------ Data to examine
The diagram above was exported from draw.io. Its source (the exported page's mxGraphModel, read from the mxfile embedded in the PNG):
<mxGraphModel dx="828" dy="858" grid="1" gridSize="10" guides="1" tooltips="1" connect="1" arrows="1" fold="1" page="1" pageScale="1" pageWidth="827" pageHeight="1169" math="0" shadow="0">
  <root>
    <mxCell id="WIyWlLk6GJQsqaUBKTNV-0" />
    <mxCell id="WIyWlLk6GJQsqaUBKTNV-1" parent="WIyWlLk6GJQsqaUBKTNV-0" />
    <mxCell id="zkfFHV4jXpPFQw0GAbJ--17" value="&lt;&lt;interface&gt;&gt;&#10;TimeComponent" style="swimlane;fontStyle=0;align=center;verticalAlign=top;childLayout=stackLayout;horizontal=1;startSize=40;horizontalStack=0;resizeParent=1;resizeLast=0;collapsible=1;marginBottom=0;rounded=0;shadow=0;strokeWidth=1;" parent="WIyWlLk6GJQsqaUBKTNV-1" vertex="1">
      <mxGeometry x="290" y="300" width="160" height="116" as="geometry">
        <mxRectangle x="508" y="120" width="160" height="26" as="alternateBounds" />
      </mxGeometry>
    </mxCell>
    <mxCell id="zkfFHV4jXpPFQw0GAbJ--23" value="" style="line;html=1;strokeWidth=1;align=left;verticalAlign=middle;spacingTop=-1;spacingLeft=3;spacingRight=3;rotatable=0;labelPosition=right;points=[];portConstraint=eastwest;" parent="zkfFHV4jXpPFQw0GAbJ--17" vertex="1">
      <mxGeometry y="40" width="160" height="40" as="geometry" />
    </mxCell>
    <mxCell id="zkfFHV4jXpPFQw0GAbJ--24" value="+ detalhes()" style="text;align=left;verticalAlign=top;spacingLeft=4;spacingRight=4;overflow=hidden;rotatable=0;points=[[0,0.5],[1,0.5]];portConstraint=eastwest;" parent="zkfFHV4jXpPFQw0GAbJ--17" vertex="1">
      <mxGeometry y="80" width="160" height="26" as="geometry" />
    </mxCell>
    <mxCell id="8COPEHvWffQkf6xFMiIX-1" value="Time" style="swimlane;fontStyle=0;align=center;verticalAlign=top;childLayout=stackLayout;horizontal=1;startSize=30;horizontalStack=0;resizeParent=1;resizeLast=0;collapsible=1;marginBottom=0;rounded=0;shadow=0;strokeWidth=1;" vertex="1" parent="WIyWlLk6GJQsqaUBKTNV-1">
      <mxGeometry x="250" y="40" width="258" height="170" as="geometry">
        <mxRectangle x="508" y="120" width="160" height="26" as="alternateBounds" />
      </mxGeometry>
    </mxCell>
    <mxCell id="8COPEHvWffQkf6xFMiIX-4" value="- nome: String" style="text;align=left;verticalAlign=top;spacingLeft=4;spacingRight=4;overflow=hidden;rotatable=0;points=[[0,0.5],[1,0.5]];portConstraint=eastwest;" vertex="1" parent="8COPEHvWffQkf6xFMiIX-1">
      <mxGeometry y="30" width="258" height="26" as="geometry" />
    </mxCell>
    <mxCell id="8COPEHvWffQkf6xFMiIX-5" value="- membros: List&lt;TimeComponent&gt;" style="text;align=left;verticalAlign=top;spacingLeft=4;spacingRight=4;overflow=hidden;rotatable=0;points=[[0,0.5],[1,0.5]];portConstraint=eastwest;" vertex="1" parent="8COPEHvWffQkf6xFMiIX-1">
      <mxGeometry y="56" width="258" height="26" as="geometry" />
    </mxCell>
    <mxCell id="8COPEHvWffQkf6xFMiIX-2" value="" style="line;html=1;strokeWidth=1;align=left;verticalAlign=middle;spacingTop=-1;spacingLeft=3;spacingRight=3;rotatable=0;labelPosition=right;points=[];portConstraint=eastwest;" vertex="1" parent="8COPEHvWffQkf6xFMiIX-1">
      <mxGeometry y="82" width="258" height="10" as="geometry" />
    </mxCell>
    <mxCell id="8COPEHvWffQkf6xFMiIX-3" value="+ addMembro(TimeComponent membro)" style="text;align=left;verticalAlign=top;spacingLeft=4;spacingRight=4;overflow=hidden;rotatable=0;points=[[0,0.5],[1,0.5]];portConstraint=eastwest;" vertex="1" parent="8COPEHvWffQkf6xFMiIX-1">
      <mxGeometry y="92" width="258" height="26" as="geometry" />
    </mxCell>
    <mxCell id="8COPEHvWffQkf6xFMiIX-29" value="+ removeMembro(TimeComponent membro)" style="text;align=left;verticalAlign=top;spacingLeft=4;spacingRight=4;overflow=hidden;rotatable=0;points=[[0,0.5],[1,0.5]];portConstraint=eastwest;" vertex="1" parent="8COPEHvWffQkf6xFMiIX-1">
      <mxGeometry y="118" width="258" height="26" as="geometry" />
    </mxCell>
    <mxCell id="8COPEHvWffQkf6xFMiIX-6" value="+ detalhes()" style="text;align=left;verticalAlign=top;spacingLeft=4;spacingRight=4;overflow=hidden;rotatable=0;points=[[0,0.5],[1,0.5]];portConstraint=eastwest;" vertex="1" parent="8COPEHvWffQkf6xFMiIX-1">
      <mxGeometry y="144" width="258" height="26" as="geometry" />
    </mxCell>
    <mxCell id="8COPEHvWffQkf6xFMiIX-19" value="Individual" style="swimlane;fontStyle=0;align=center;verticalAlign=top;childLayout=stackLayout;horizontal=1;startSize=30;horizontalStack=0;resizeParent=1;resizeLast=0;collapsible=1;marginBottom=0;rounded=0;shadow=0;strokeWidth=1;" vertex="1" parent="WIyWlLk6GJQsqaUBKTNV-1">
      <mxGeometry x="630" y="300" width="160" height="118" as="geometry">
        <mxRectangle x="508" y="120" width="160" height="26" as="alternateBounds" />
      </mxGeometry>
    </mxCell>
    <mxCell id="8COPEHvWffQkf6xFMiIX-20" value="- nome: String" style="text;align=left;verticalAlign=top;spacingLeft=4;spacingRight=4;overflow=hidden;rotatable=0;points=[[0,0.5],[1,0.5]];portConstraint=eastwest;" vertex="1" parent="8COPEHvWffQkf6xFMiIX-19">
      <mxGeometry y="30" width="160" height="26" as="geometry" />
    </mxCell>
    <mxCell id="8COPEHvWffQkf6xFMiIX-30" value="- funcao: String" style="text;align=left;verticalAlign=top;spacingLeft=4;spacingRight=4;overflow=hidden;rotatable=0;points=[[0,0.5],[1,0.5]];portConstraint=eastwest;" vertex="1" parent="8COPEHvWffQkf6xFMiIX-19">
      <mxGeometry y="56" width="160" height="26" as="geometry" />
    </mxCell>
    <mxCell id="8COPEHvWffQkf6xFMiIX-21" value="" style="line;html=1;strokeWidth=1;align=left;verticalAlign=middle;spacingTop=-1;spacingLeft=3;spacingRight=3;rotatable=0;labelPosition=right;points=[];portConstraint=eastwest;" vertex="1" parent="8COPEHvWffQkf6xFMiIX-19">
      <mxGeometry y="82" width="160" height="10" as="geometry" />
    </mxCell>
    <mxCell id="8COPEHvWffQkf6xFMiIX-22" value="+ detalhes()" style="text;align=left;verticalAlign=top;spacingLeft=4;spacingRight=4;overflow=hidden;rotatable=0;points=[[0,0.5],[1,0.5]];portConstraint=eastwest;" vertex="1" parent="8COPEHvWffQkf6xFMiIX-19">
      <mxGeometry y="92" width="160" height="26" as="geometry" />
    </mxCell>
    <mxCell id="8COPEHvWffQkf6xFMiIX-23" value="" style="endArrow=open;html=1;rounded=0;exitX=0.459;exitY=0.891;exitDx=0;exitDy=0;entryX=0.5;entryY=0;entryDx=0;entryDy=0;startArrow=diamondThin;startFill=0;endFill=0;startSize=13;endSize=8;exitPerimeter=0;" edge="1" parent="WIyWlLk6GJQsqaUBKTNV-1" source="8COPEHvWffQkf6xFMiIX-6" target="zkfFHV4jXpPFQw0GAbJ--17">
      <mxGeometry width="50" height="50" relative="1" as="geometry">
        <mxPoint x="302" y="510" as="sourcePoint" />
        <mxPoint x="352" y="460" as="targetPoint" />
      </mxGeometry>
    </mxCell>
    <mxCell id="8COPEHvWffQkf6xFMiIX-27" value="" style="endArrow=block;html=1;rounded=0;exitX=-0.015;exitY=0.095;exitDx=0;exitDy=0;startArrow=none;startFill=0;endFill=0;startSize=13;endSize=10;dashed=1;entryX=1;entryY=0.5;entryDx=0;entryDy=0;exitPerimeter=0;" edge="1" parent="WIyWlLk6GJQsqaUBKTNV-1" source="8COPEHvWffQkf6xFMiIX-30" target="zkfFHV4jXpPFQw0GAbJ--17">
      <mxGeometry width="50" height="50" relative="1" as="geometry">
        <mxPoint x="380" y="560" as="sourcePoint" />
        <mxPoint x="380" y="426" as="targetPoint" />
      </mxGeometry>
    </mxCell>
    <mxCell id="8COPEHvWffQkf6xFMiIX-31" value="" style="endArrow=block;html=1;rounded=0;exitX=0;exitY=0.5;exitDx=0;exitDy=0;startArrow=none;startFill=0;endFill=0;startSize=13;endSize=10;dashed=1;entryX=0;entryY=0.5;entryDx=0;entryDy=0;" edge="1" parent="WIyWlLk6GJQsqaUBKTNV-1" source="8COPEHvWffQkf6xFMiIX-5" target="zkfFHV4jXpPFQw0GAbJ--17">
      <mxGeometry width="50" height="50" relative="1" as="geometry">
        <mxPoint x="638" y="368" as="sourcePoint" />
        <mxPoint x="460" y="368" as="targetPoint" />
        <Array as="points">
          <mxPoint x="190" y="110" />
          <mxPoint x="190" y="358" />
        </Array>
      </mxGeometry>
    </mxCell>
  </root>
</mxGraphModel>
------------
Please copy out each line of the material that holds the string "targetPoint".

- Solution to the problem
        <mxPoint x="352" y="460" as="targetPoint" />
        <mxPoint x="380" y="426" as="targetPoint" />
        <mxPoint x="460" y="368" as="targetPoint" />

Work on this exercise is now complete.